As part of our analysis, we address the following problem which is of independent interest. Find the vertical translation of a function f that is closest in L1 distance to a function g. We prove tight bounds on the approximation guarantee obtained by the translation which is equal to the difference between the averages of g and f.

Emo Welzl (ETH Zürich): Bistellar and Edge Flip Graphs of Triangulations in the Plane: Geometry and Connectivity.

Abstract. The set of all triangulations of a finite point set in the plane attains structure via flips: The graph, where two triangulations are adjacent if one can be obtained from the other by an elementary flip. This is an edge flip for full triangulations, or a bistellar flip for partial triangulations (where non-extreme points can be skipped).

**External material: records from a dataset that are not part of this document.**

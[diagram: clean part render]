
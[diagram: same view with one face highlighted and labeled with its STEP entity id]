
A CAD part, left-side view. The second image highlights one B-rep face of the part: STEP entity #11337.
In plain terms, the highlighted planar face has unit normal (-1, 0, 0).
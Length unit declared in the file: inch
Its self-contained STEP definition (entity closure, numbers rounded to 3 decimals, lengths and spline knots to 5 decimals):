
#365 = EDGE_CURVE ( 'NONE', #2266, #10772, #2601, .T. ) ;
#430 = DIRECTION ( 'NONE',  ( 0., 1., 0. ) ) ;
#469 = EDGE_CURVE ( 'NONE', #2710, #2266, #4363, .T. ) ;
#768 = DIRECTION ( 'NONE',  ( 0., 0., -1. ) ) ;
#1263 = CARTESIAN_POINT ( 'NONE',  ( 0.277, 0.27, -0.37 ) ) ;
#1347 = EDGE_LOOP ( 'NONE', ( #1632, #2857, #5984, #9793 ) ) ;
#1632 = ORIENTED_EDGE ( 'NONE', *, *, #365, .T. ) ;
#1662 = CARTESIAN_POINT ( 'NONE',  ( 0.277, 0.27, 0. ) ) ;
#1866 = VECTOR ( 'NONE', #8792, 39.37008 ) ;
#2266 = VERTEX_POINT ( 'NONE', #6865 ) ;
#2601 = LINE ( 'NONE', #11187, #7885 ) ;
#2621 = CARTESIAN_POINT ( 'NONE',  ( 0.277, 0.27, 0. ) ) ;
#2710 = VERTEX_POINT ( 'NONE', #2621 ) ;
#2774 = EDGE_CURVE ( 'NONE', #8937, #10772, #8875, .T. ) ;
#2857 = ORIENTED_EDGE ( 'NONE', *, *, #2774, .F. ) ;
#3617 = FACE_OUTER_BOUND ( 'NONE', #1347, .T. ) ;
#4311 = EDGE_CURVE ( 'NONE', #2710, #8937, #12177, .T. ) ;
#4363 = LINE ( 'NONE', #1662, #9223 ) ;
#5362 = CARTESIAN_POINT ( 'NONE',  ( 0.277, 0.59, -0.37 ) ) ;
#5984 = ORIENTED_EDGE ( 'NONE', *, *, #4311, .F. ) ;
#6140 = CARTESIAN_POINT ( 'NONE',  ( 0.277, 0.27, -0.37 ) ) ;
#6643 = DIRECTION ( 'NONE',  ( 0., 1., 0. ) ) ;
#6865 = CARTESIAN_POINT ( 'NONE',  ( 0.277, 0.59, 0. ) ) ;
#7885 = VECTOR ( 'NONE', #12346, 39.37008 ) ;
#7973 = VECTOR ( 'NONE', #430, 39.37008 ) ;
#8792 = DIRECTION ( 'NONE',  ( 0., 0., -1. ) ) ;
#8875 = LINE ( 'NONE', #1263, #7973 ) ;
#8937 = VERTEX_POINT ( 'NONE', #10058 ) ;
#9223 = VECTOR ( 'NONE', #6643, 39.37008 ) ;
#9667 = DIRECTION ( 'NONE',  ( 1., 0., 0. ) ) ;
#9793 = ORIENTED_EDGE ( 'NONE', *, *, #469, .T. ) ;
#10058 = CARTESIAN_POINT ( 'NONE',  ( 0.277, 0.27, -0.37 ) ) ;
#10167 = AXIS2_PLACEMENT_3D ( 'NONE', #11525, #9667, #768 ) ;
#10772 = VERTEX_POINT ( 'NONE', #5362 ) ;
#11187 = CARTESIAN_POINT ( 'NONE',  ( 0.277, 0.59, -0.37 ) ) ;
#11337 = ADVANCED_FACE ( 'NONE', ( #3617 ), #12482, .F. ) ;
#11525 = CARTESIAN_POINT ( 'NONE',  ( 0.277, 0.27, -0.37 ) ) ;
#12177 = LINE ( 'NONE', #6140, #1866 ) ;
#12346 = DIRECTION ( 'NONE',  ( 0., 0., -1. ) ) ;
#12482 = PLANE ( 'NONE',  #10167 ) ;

It is well-known (Lawson, 1972) that both, the edge flip graph and the bistellar flip graph are connected. For n the number of points and general position assumed, we show that the edge flip graph is (n/2 - 2)-connected and the bistellar flip graph is (n - 3)-connected. Both bounds are tight.

This matches the situation for regular triangulations (a subset of the partial triangulations), where (n - 3)-connectivity was known through the secondary polytope (Gelfand, Kapranov, Zelevinsky, 1990) and Balinski’s Theorem. We show that the edge flip graph can be covered by 1-skeletons of polytopes of dimension at least n/2 - 2 (products of associahedra). Similarly, the bistellar flip graph can be covered by 1-skeletons of polytopes of dimension at least n - 3 (products of secondary polytopes).

(covers joint research with Uli Wagner, IST Austria)


Meirav Zehavi (Ben Gurion University): Decompositions in UDGs and algorithmic applications in parameterized complexity.

Abstract. In this talk, we will focus on decompositions of geometric intersection graphs. In particular, we will see tree decompositions with special properties for unit disk graphs and map graphs. With respect to applications, we will employ these tree decompositions to design sub- and single-exponential time parameterized algorithms.